*YOUR OBJECTIVE*.
Scan the listing below. Copy each line that contains "YAZI".

*MATERIAL PROVIDED*.
+ + + +
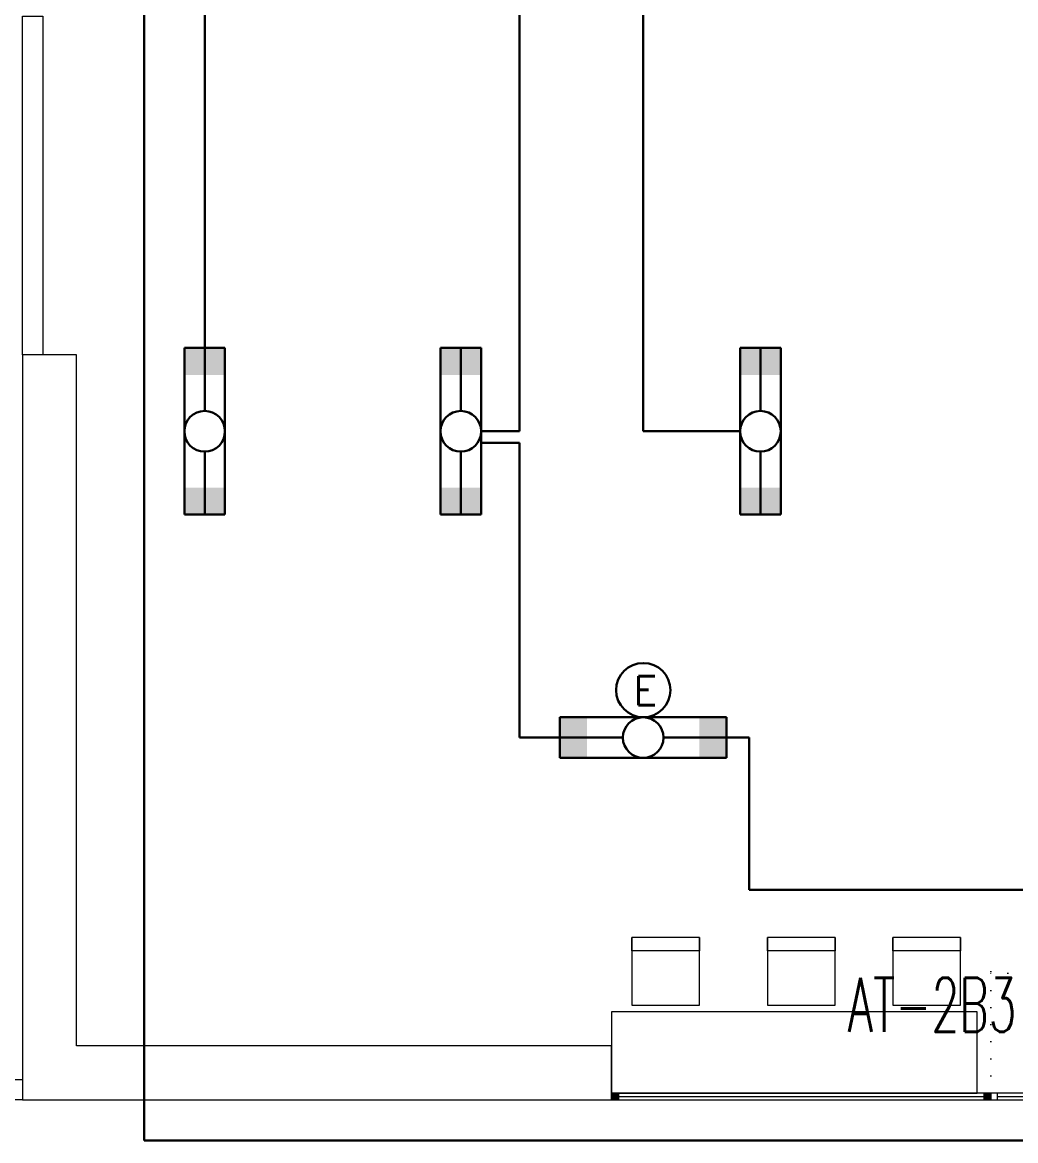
# Model space of a CAD drawing. Header units: metres. Extents: x -13316 to 152404, y -3899 to 30226.
# Drawn here: x 4700 to 5433, y 5090 to 5915 of the extents above; entities that cross this region are included whole.
import ezdxf
from ezdxf.enums import TextEntityAlignment as Align

# ---------------------------------------------------------------- set-up
doc = ezdxf.new("R2010")
doc.units = ezdxf.units.M
doc.header["$LTSCALE"] = 100
doc.header["$MEASUREMENT"] = 0
doc.header["$PDMODE"] = 1
doc.linetypes.add('DOT2', pattern=[0.125, 0, -0.125])
doc.layers.get('0').update_dxf_attribs({"color": 9, "lineweight": 9})
for name, color, linetype, lineweight in [('00', 9, 'Continuous', 9), ('01', 9, 'Continuous', 9), ('05', 9, 'Continuous', 9), ('06B', 9, 'Continuous', 9), ('06D', 9, 'Continuous', 9), ('10', 9, 'Continuous', 9), ('15', 9, 'Continuous', 9), ('20', 9, 'DOT2', 9), ('25', 9, 'Continuous', 9), ('E-1x36 W SIVAÜSTÜ FLUORESAN ARMATÜR (ETANŞ)', 7, 'Continuous', 30), ('E-2x36 W SIVAÜSTÜ FLUORESAN ARMATÜR (ETANŞ)', 7, 'Continuous', 30), ('E-ACİL AYDINLATMA KİTİ', 7, 'Continuous', 30), ('E-KABLO', 7, 'Continuous', 30), ('E-LINYE', 7, 'Continuous', 30)]:
    doc.layers.add(name, color=color, linetype=linetype, lineweight=lineweight)
doc.styles.add('E-YAZI', font='txttw.shx')
doc.styles.add('MuuM_TEXT-STANDART', font='ARIALN.TTF')
doc.dimstyles.new('MuuM_DIM200', dxfattribs={"dimscale": 20, "dimtxt": 2, "dimasz": 1, "dimexe": 1, "dimexo": 1, "dimgap": 1, "dimtad": 1, "dimdec": 1, "dimrnd": 0.5, "dimdsep": 46, "dimtxsty": 'MuuM_TEXT-STANDART', "dimblk": 'ARCHTICK', "dimcen": 0, "dimdle": 0.15, "dimclrd": 256, "dimclre": 256, "dimclrt": 256, "dimadec": 0, "dimazin": 0, "dimtfac": 5, "dimtdec": 1, "dimtix": 1, "dimtmove": 2, "dimatfit": 3, "dimldrblk": 'DOT', "dimfxl": 3, "dimfxlon": 1, "dimtolj": 1, "dimlwd": -1, "dimlwe": -1, "dimarcsym": 0})

# ---------------------------------------------------------------- blocks, each defined once
blk = doc.blocks.new('_ArchTick')
at = {"color": 0, "linetype": 'ByBlock', "const_width": 0.15}
blk.add_lwpolyline([(-0.5, -0.5), (0.5, 0.5)], dxfattribs=at)
blk = doc.blocks.new('*D648')
at = {"layer": '25', "transparency": 16777216}
for p, q in [((3774.6, 5135), (3774.6, 5155)), ((3834.6, 5135), (3754.6, 5135)), ((3774.6, 5120), (3774.6, 5135)), ((3834.6, 5120), (3754.6, 5120)), ((3774.6, 5120), (3774.6, 5100))]:
    blk.add_line(p, q, dxfattribs=at)
at = {"layer": '25', "transparency": 16777216, "xscale": 20, "yscale": 20, "zscale": 20}
for p, rotation in [((3774.6, 5135), 270), ((3774.6, 5120), 90)]:
    blk.add_blockref('_ArchTick', p, dxfattribs=dict(at, rotation=rotation))
at = {"layer": '25', "transparency": 16777216, "insert": (3734.18, 5127.5), "char_height": 40, "attachment_point": 5, "rotation": 90, "style": 'MuuM_TEXT-STANDART'}
blk.add_mtext('\\A1;15', dxfattribs=at)
blk = doc.blocks.new('_Dot')
at = {"color": 0, "linetype": 'ByBlock', "lineweight": -2}
blk.add_line((-0.5, 0), (-1, 0), dxfattribs=at)
at = {"color": 0, "linetype": 'ByBlock', "const_width": 0.5}
blk.add_lwpolyline([(-0.25, 0, 1), (0.25, 0, 1)], format="xyb", close=True, dxfattribs=at)
blk = doc.blocks.new('100_2x36 W SIVAÜSTÜ FLUORESAN ARMATÜR (ETANŞ)')
at = {"layer": 'E-2x36 W SIVAÜSTÜ FLUORESAN ARMATÜR (ETANŞ)', "color": 4}
for p, q in [((-6.15, 1.5), (6.15, 1.5)), ((-6.15, 1.5), (-6.15, -1.5)), ((6.15, 1.5), (6.15, -1.5)), ((-1.5, 0), (-6.15, 0)), ((1.5, 0), (6.15, 0)), ((-6.15, -1.5), (6.15, -1.5))]:
    blk.add_line(p, q, dxfattribs=at)
blk.add_circle((0, 0), 1.5, dxfattribs=at)
for points in [[(-4.15, 1.5), (-4.15, -1.5), (-6.15, 1.5), (-6.15, -1.5)], [(4.15, 1.5), (4.15, -1.5), (6.15, 1.5), (6.15, -1.5)]]:
    blk.add_solid(points, dxfattribs=at)
blk = doc.blocks.new('100_ACİL AYDINLATMA KİTİ')
at = {"layer": 'E-ACİL AYDINLATMA KİTİ', "color": 3}
blk.add_circle((0, 0), 1.251, dxfattribs=at)
at = {"layer": 'E-ACİL AYDINLATMA KİTİ', "color": 3, "style": 'E-YAZI'}
blk.add_text('E', height=1.34, dxfattribs=at).set_placement((-0.448, -0.694))
blk = doc.blocks.new('2.bod.sitatik')
at = {"layer": '01'}
blk.add_lwpolyline([(4815, -3790), (4420, -3790), (4420, -3280), (4380, -3280), (4380, -3830), (4815, -3830)], close=True, dxfattribs=at)
blk = doc.blocks.new('p-birim')
blk.add_lwpolyline([(0, 0), (1, 0), (1, 1), (0, 1)], close=True)
blk = doc.blocks.new('p-sandalye-03')
for points in [[(-5, -25.14), (-5, 24.86), (-55, 24.86), (-55, -25.14), (-5, -25.14)], [(-55, 24.86), (-45, 24.86), (-45, -25.14), (-55, -25.14)]]:
    blk.add_lwpolyline(points)
blk.add_point((0, -0.14))
blk = doc.blocks.new('p-al-01_a')
at = {"layer": '06B'}
for points in [[(-5, -88.62), (-11.25, -88.62), (-11.25, -73.62), (-9.38, -73.62), (-9.38, -86.38), (-9.38, -86.38), (-5, -86.38), (-5, -88.62)], [(0, -88.62), (6.25, -88.62), (6.25, -73.62), (4.38, -73.62), (4.38, -86.38), (4.38, -86.38), (0, -86.38), (0, -88.62)]]:
    blk.add_lwpolyline(points, dxfattribs=at)
at = {"layer": '06D'}
for p, q in [((-5, -86.87), (-5, -5)), ((0, -5), (0, -86.87)), ((-5, -93.13), (-5, -175)), ((0, -175), (0, -93.13))]:
    blk.add_line(p, q, dxfattribs=at)
at = {"layer": '10'}
for points in [[(-5, 0), (0, 0), (0, -5), (-5, -5)], [(-5, -85), (0, -85), (0, -90), (-5, -90)], [(-5, -95), (0, -95), (0, -90), (-5, -90)], [(-5, -180), (0, -180), (0, -175), (-5, -175)]]:
    blk.add_lwpolyline(points, close=True, dxfattribs=at)
at = {"layer": '15'}
for points in [[(-2.5, -5), (-2.5, -85)], [(-2.5, -175), (-2.5, -95)]]:
    blk.add_lwpolyline(points, dxfattribs=at)
at = {"layer": '20'}
for points in [[(-5.25, 0), (-94.89, 0)], [(-5.25, -180), (-94.89, -180)], [(-5, -180), (-94.89, -180)]]:
    blk.add_lwpolyline(points, dxfattribs=at)
for centre, start, end in [((-1.49, 3.38), 182.07453, 267.69369), ((-1.49, -183.38), 92.30631, 177.92547)]:
    blk.add_arc(centre, 93.46, start, end, dxfattribs=at)
blk = doc.blocks.new('prf-10x10')
blk.add_lwpolyline([(-5, -5), (5, -5), (5, 5), (-5, 5)], close=True)
at = {"color": 255}
blk.add_solid([(-5, -5), (5, -5), (-5, 5), (5, 5)], dxfattribs=at)
at = {"layer": '10'}
blk.add_point((0, 0), dxfattribs=at)
blk = doc.blocks.new('*U627')
at = {"layer": '06D'}
blk.add_lwpolyline([(-2.5, 280), (2.5, 280), (2.5, 0), (-2.5, 0)], close=True, dxfattribs=at)
at = {"layer": '15'}
blk.add_lwpolyline([(0, 275), (0, 5)], dxfattribs=at)
at = {"layer": '10', "xscale": 0.5, "yscale": 0.5, "rotation": 90}
for p in [(0, 277.5), (0, 2.5)]:
    blk.add_blockref('prf-10x10', p, dxfattribs=at)
blk = doc.blocks.new('2.bod.Mimari')
at = {"layer": '00'}
for points in [[(4380, -3280), (4380, -3030), (4395, -3030), (4395, -3280)], [(4380, -3830), (3740, -3830), (3740, -3815), (4380, -3815)]]:
    blk.add_lwpolyline(points, close=True, dxfattribs=at)
at = {"xscale": -1, "rotation": 90}
for name, p in [('p-al-01_a', (5095, -3830)), ('*U627', (5095, -3827.5))]:
    blk.add_blockref(name, p, dxfattribs=at)
at = {"layer": '05', "rotation": 270}
for p in [(4855.14, -3765), (4955.14, -3765), (5047.86, -3765)]:
    blk.add_blockref('p-sandalye-03', p, dxfattribs=at)
at = {"layer": '05', "xscale": 60, "yscale": 270, "rotation": 270}
blk.add_blockref('p-birim', (4815, -3765), dxfattribs=at)

msp = doc.modelspace()

# ---------------------------------------------------------------- linework, layer by layer
at = {"layer": 'E-1x36 W SIVAÜSTÜ FLUORESAN ARMATÜR (ETANŞ)', "color": 6}
for p, q in [((5158.37, 6270.75), (5158.37, 5613.53)), ((5066.97, 6089.32), (5066.97, 5613.53)), ((5066.97, 5613.53), (5038.7, 5613.53)), ((5229.9, 5613.53), (5158.37, 5613.53)), ((5038.88, 5605.15), (5066.97, 5605.15)), ((5066.97, 5605.15), (5066.97, 5387.48)), ((5066.97, 5387.48), (5096.87, 5387.48)), ((5236.49, 5387.48), (5219.87, 5387.48)), ((5236.49, 5275), (5236.49, 5387.48))]:
    msp.add_line(p, q, dxfattribs=at)
at = {"layer": 'E-KABLO', "color": 5}
for p, q in [((4790, 5090), (4790, 6383.26)), ((5595, 5090), (4790, 5090))]:
    msp.add_line(p, q, dxfattribs=at)
at = {"layer": 'E-KABLO', "color": 6}
for p, q in [((4834.6, 5675.03), (4834.6, 6027.82)), ((5585, 5275), (5236.49, 5275))]:
    msp.add_line(p, q, dxfattribs=at)

# ---------------------------------------------------------------- block references
for name in ['2.bod.sitatik', '2.bod.Mimari']:
    msp.add_blockref(name, (320, 8950))
at = {"layer": 'E-2x36 W SIVAÜSTÜ FLUORESAN ARMATÜR (ETANŞ)', "xscale": 10, "yscale": 10, "zscale": 10, "rotation": 270}
for p in [(4834.6, 5613.53), (5023.7, 5613.53), (5244.9, 5613.53)]:
    msp.add_blockref('100_2x36 W SIVAÜSTÜ FLUORESAN ARMATÜR (ETANŞ)', p, dxfattribs=at)
at = {"layer": 'E-2x36 W SIVAÜSTÜ FLUORESAN ARMATÜR (ETANŞ)', "xscale": 10, "yscale": 10, "zscale": 10}
msp.add_blockref('100_2x36 W SIVAÜSTÜ FLUORESAN ARMATÜR (ETANŞ)', (5158.37, 5387.48), dxfattribs=at)
at = {"layer": 'E-ACİL AYDINLATMA KİTİ', "xscale": 16, "yscale": 16, "zscale": 16}
msp.add_blockref('100_ACİL AYDINLATMA KİTİ', (5158.37, 5422.5), dxfattribs=at)

# ---------------------------------------------------------------- texts
at = {"layer": 'E-LINYE', "color": 3, "linetype": 'Continuous', "style": 'E-YAZI', "width": 0.6}
msp.add_text('AT-2B3', height=40, dxfattribs=at).set_placement((5371.68, 5190.28), align=Align.MIDDLE_CENTER)

# ---------------------------------------------------------------- dimensions: what is measured, and where the dimension line sits
at = {"layer": '25'}
dim = msp.add_linear_dim(base=(3774.6, 5135), p1=(3980, 5120), p2=(13637.29, 5135), angle=90, dimstyle='MuuM_DIM200', dxfattribs=at)
dim.commit()
dim.dimension.update_dxf_attribs({"geometry": '*D648', "text_midpoint": (3734.18, 5127.5)})

doc.saveas('drawing.dxf')
+ + + +
*FINISHED TASK*.
doc.styles.add('E-YAZI', font='txttw.shx')
at = {"layer": 'E-ACİL AYDINLATMA KİTİ', "color": 3, "style": 'E-YAZI'}
at = {"layer": 'E-LINYE', "color": 3, "linetype": 'Continuous', "style": 'E-YAZI', "width": 0.6}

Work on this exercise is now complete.